Great Policy; No Follow-Through

The best policy in the world won’t protect you without follow-through.

That’s the lesson of a decision by the Seventh Circuit  Court of Appeals  in a Wisconsin sexual harassment case, Equal Employment Opportunity Commission v. Management Hospitality of Racine, Inc., et al., No. 10-3247 (Jan. 9, 2012,).

The defendant, a company owned by Salauddin Janmohammed  which operates 21 International House of Pancakes restaurants, had a “zero-tolerance”  anti-harassment policy in place, anti-harassment training, and a policy of investigations of complaints.

What it didn’t have was follow-through. Or, in the words of the Court, “the policy and complaint mechanism were not reasonably effective in practice.”

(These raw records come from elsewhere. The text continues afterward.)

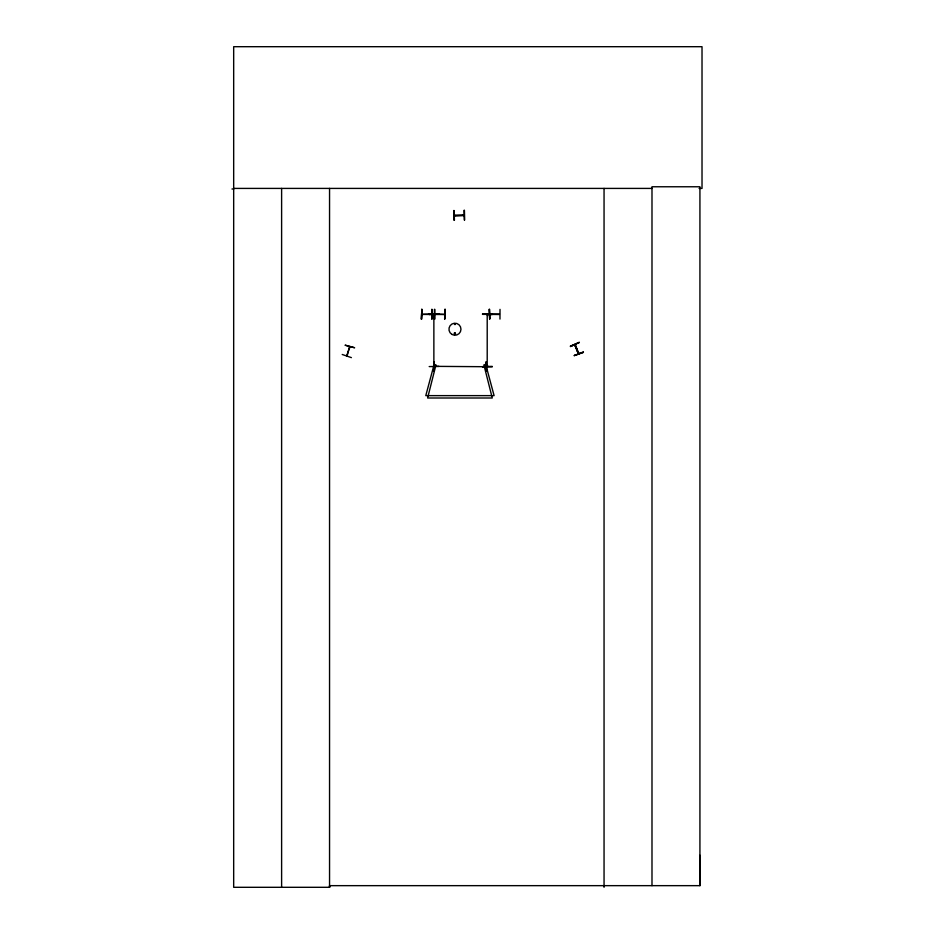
<?xml version="1.0" encoding="UTF-8"?>
<svg xmlns="http://www.w3.org/2000/svg" width="934" height="934" viewBox="0 0 934 934"><rect width="100%" height="100%" fill="white"/><g stroke="black" fill="none" stroke-linecap="round" stroke-linejoin="round"><path stroke-width="1.4" d="M329.55 188.411L329.55 887.3L329.562 885.654L699.928 885.654L699.998 855.264M575.216 345.907L575.239 344.669L578.391 353.612M578.905 353.589L578.52 352.643M346.712 355.842L349.701 346.712L347.109 355.866M347.39 355.095L346.689 355.936M349.596 346.888L349.83 347.903M434.205 314.478L433.831 315.435M435.092 366.817L434.24 366.28M487.209 366.42L487.209 314.478M487.595 314.513L487.653 315.353M487.104 365.544L487.595 366.385M454.496 324.063C455.64 322.627 455.243 326.024 454.543 323.946M434.24 315.423L434.298 314.688M487.163 314.688L487.548 315.458M342.229 354.476L351.406 357.629M345.253 345.253L354.64 347.763L345.276 345.195M454.146 333.286C455.29 336.859 456.177 331.652 454.519 332.994M455.535 334.08C454.73 331.57 454.122 335.259 455.255 334.255M454.321 215.194L455.208 215.614M578.846 353.496L575.181 344.658M435.267 366.77L434.217 366.723M464.035 215.439L454.496 215.754L454.531 215.147M463.824 215.439L454.496 215.649M434.345 366.35L486.042 366.723M486.135 366.385L485.271 366.828M489.883 314.058L499.48 314.058M487.163 365.463L487.209 366.315M570.487 346.444L579.302 342.381L570.534 346.572M570.347 346.117L579.313 342.416M574.282 355.667L583.248 351.978M583.388 352.305L574.223 355.539L583.4 352.351M463.147 214.96L464.023 214.995M444.444 314.501L435.046 314.478M499.27 314.501L489.883 314.396M454.426 220.214L454.087 210.524M454.426 215.194L463.929 215.334M464.665 220.004L464.42 210.302M429.185 314.373L438.875 313.917L429.185 314.513M429.173 314.022L438.875 313.952M482.528 314.022L492.23 314.454L482.528 313.976M482.528 314.373L492.23 314.314M438.887 366.385L429.185 366.583M492.23 366.385L482.528 366.583M482.528 366.934L492.23 366.875M433.703 371.405L434.182 361.703L433.691 370.027M231.982 188.995L233.675 188.983M233.675 188.411L651.99 188.411M699.099 188.411L702.018 188.411L702.018 46.7L233.675 46.7L233.675 887.3L329.62 887.3L329.62 885.654M432.115 309.376L432.08 319.078M434.415 309.376L434.462 319.078M445.191 309.376L444.654 319.078L445.144 309.376M489.241 309.376L489.708 319.078L489.288 309.376M500.017 309.376L499.97 319.078M435.046 314.058L444.549 314.396M431.59 314.501L421.981 314.396L431.45 314.022M487.536 365.439L487.548 366.315M575.111 345.638L578.415 353.834L575.099 345.697M433.796 315.505L433.866 314.583L433.866 366.315L433.855 365.439M464.058 210.313L464.268 220.004M453.737 210.524L453.936 220.226M486.661 370.016L486.112 361.703L486.17 371.405M434.205 314.583L434.205 315.458M434.041 361.703L434.17 371.405M699.928 885.654L699.928 186.765L651.99 186.765L651.99 885.654M604.053 188.411L604.053 887.3M489.638 309.376L489.638 319.078M444.782 309.376L444.782 319.078M434.812 309.376L434.812 319.078M431.718 309.376L431.718 319.078M421.748 309.376L421.748 319.078M281.613 188.411L281.613 887.3M434.147 364.4L425.787 395.631L494.086 395.631L485.715 364.4L483.894 364.89L492.265 398.001L427.609 398.001L435.968 364.89L434.147 364.4M421.888 309.376L421.339 319.078L421.888 309.376M451.951 334.43A6.013 6.013 0 0 0 460.976 329.223A6.013 6.013 0 0 0 451.951 324.016A6.013 6.013 0 0 0 451.951 334.43"/></g></svg>
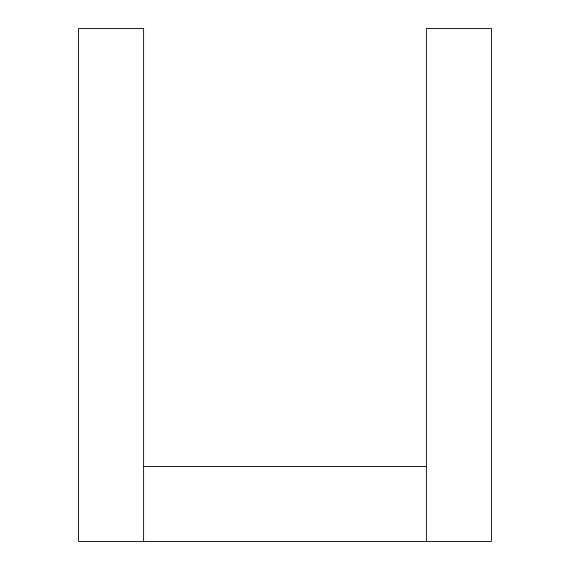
<?xml version="1.0" encoding="UTF-8"?>
<svg xmlns="http://www.w3.org/2000/svg" width="570" height="570" viewBox="0 0 570 570"><rect width="100%" height="100%" fill="white"/><g stroke="black" fill="none" stroke-linecap="round" stroke-linejoin="round"><path stroke-width="0.85" d="M143.612 466.424L426.389 466.424M426.389 541.5L426.389 28.5L491.454 28.5L491.454 541.5L78.546 541.5L78.546 28.5L143.612 28.5L143.612 541.5"/></g></svg>
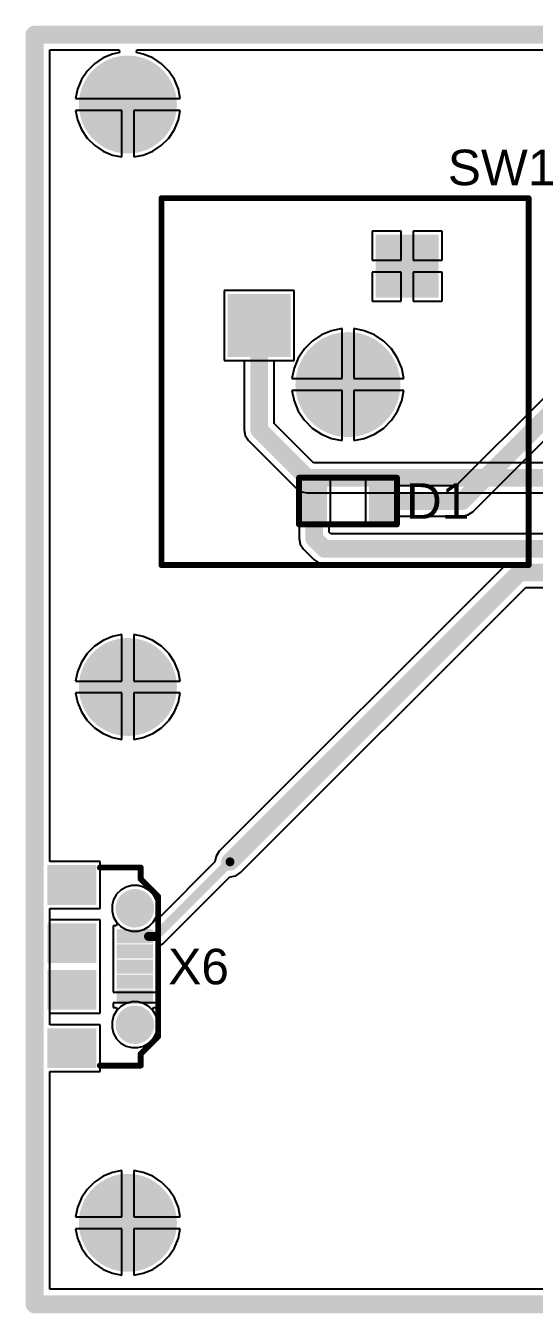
# Model space of a CAD drawing. Header units: millimetres. Extents: x -27 to 152, y -4 to 51.
# Drawn here: x -27.4 to -5.6, y -3.9 to 51.4 of the extents above; entities that cross this region are included whole.
import ezdxf

# ---------------------------------------------------------------- set-up
doc = ezdxf.new("R2010")
doc.units = ezdxf.units.MM
for name, color, linetype in [('BottomLayer', 5, 'Continuous'), ('BottomSolder', 6, 'Continuous'), ('KeepOutLayer', 6, 'Continuous'), ('MultiLayer', 9, 'Continuous'), ('PadHoleLayer', 156, 'Continuous'), ('TopLayer', 1, 'Continuous'), ('TopOverlay', 2, 'Continuous'), ('TopPaste', 8, 'Continuous'), ('TopSolder', 216, 'Continuous')]:
    doc.layers.add(name, color=color, linetype=linetype)
doc.styles.add('Arial', font='arial.ttf', dxfattribs={"height": 0.2})

# ---------------------------------------------------------------- blocks, each defined once
blk = doc.blocks.new('USB_MICRO_B_MX_105017_0001_1')
at = {"layer": 'BottomLayer'}
h = blk.add_hatch(color=5, dxfattribs=at)
edge = h.paths.add_edge_path()
edge.add_arc((-2.5, 0), 0.725, 0, 360)
h = blk.add_hatch(color=5, dxfattribs=at)
edge = h.paths.add_edge_path()
edge.add_arc((2.5, 0), 0.725, 0, 360)
for points in [[(-4.25, -3.65), (-4.25, -1.75), (-2.75, -1.75), (-2.75, -3.65)], [(2.75, -3.65), (2.75, -1.75), (4.25, -1.75), (4.25, -3.65)]]:
    blk.add_hatch(color=5, dxfattribs=at).paths.add_polyline_path(points)
at = {"layer": 'BottomSolder'}
h = blk.add_hatch(color=6, dxfattribs=at)
edge = h.paths.add_edge_path()
edge.add_arc((-2.5, 0), 0.827, 0, 360)
h = blk.add_hatch(color=6, dxfattribs=at)
edge = h.paths.add_edge_path()
edge.add_arc((2.5, 0), 0.827, 0, 360)
for points in [[(-4.352, -3.752), (-4.352, -1.648), (-2.648, -1.648), (-2.648, -3.752)], [(2.648, -3.752), (2.648, -1.648), (4.352, -1.648), (4.352, -3.752)]]:
    blk.add_hatch(color=6, dxfattribs=at).paths.add_polyline_path(points)
at = {"layer": 'MultiLayer'}
h = blk.add_hatch(color=9, dxfattribs=at)
edge = h.paths.add_edge_path()
edge.add_arc((-2.5, 0), 0.725, 0, 360)
h = blk.add_hatch(color=9, dxfattribs=at)
edge = h.paths.add_edge_path()
edge.add_arc((2.5, 0), 0.725, 0, 360)
for points in [[(-4.25, -3.65), (-4.25, -1.75), (-2.75, -1.75), (-2.75, -3.65)], [(2.75, -3.65), (2.75, -1.75), (4.25, -1.75), (4.25, -3.65)]]:
    blk.add_hatch(color=9, dxfattribs=at).paths.add_polyline_path(points)
at = {"layer": 'PadHoleLayer'}
h = blk.add_hatch(color=156, dxfattribs=at)
edge = h.paths.add_edge_path()
edge.add_arc((-2.5, 0), 0.425, 0, 360)
h = blk.add_hatch(color=156, dxfattribs=at)
edge = h.paths.add_edge_path()
edge.add_arc((2.5, 0), 0.425, 0, 360)
h = blk.add_hatch(color=156, dxfattribs=at)
edge = h.paths.add_edge_path()
edge.add_arc((-3.5, -3.05), 0.3, 180, 360)
edge.add_line((-3.2, -3.05), (-3.2, -2.35))
edge.add_arc((-3.5, -2.35), 0.3, 0, 180)
edge.add_line((-3.8, -2.35), (-3.8, -3.05))
h = blk.add_hatch(color=156, dxfattribs=at)
edge = h.paths.add_edge_path()
edge.add_arc((3.5, -3.05), 0.3, 180, 360)
edge.add_line((3.8, -3.05), (3.8, -2.35))
edge.add_arc((3.5, -2.35), 0.3, 0, 180)
edge.add_line((3.2, -2.35), (3.2, -3.05))
at = {"layer": 'TopLayer'}
h = blk.add_hatch(color=1, dxfattribs=at)
edge = h.paths.add_edge_path()
edge.add_arc((-2.5, 0), 0.725, 0, 360)
for points in [[(-1.5, 0.675), (-1.1, 0.675), (-1.1, -0.675), (-1.5, -0.675)], [(-0.85, 0.675), (-0.45, 0.675), (-0.45, -0.675), (-0.85, -0.675)], [(-0.2, 0.675), (0.2, 0.675), (0.2, -0.675), (-0.2, -0.675)], [(0.45, 0.675), (0.85, 0.675), (0.85, -0.675), (0.45, -0.675)], [(1.1, 0.675), (1.5, 0.675), (1.5, -0.675), (1.1, -0.675)], [(-4.25, -3.65), (-4.25, -1.75), (-2.75, -1.75), (-2.75, -3.65)], [(-1.75, -1.75), (-0.25, -1.75), (-0.25, -3.65), (-1.75, -3.65)], [(0.25, -1.75), (1.75, -1.75), (1.75, -3.65), (0.25, -3.65)], [(2.75, -3.65), (2.75, -1.75), (4.25, -1.75), (4.25, -3.65)]]:
    blk.add_hatch(color=1, dxfattribs=at).paths.add_polyline_path(points)
h = blk.add_hatch(color=1, dxfattribs=at)
edge = h.paths.add_edge_path()
edge.add_arc((2.5, 0), 0.725, 0, 360)
at = {"layer": 'TopPaste'}
for points in [[(-1.5, 0.675), (-1.1, 0.675), (-1.1, -0.675), (-1.5, -0.675)], [(-0.85, 0.675), (-0.45, 0.675), (-0.45, -0.675), (-0.85, -0.675)], [(-0.2, 0.675), (0.2, 0.675), (0.2, -0.675), (-0.2, -0.675)], [(0.45, 0.675), (0.85, 0.675), (0.85, -0.675), (0.45, -0.675)], [(1.1, 0.675), (1.5, 0.675), (1.5, -0.675), (1.1, -0.675)], [(-1.75, -1.75), (-0.25, -1.75), (-0.25, -3.65), (-1.75, -3.65)], [(0.25, -1.75), (1.75, -1.75), (1.75, -3.65), (0.25, -3.65)]]:
    blk.add_hatch(color=8, dxfattribs=at).paths.add_polyline_path(points)
at = {"layer": 'TopSolder'}
h = blk.add_hatch(color=216, dxfattribs=at)
edge = h.paths.add_edge_path()
edge.add_arc((-2.5, 0), 0.827, 0, 360)
for points in [[(-1.602, 0.777), (-0.998, 0.777), (-0.998, -0.777), (-1.602, -0.777)], [(-0.952, 0.777), (-0.348, 0.777), (-0.348, -0.777), (-0.952, -0.777)], [(-0.302, 0.777), (0.302, 0.777), (0.302, -0.777), (-0.302, -0.777)], [(0.348, 0.777), (0.952, 0.777), (0.952, -0.777), (0.348, -0.777)], [(0.998, 0.777), (1.602, 0.777), (1.602, -0.777), (0.998, -0.777)], [(-4.352, -3.752), (-4.352, -1.648), (-2.648, -1.648), (-2.648, -3.752)], [(-1.852, -1.648), (-0.148, -1.648), (-0.148, -3.752), (-1.852, -3.752)], [(0.148, -1.648), (1.852, -1.648), (1.852, -3.752), (0.148, -3.752)], [(2.648, -3.752), (2.648, -1.648), (4.352, -1.648), (4.352, -3.752)]]:
    blk.add_hatch(color=216, dxfattribs=at).paths.add_polyline_path(points)
h = blk.add_hatch(color=216, dxfattribs=at)
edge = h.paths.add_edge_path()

According to the Court:  “the presence of a sexual harassment policy is encouraged by Title VII [but] the mere creation of a sexual harassment policy will not shield a company from its responsibility to actively prevent sexual harassment in the workplace.”

The Court upheld an award of $105,000 to two teenage servers at an IHOP operated by the defendant in Racine.  Katrina Shisler and Michelle Powell said they were sexually harassed in 2004 and 2005 by an IHOP assistant manager in violation of Title VII of the Civil Rights Act of 1964, 42 U.S.C. §§ 2000e et seq.

Normally, an employer can advance the so-called Faragher/Ellerth affirmative defense in a Title VII case sexual harassment claim involving a hostile work environment. This allows the employer to escape liability for damages if:

 (a) it “exercised reasonable care to prevent and correct promptly any sexually harassing behavior,” and

 (b) “the plaintiff employee unreasonably failed to take advantage of any protective or corrective opportunities provided by the employer or to avoid harm otherwise.”

The Court said the  Faragher/Ellerth affirmative defense was not available to the Management Hospitality because both teens had complained to managers about sexual harassment  and the managers did nothing.  The company did not begin investigating until a private investigator hired by an attorney for one of the teenager began asking questions.

The Court said a rational jury could have found that the sexual harassment occurred “every shift,”  was “highly offensive,” and included “physical touching.”

The Court said a rational jury also could conclude that the employer failed to follow its own policies by discouraging  employees from reporting complaints, providing inadequate anti-harassment training to supervisors, and failing to “promptly” investigate the complaints.

The EEOC filed suit on behalf of the two teenaged servers. A jury awarded one of the servers $1,000 in compensatory damages and the other $4,000 in compensatory damages and $100,000 in punitive damages.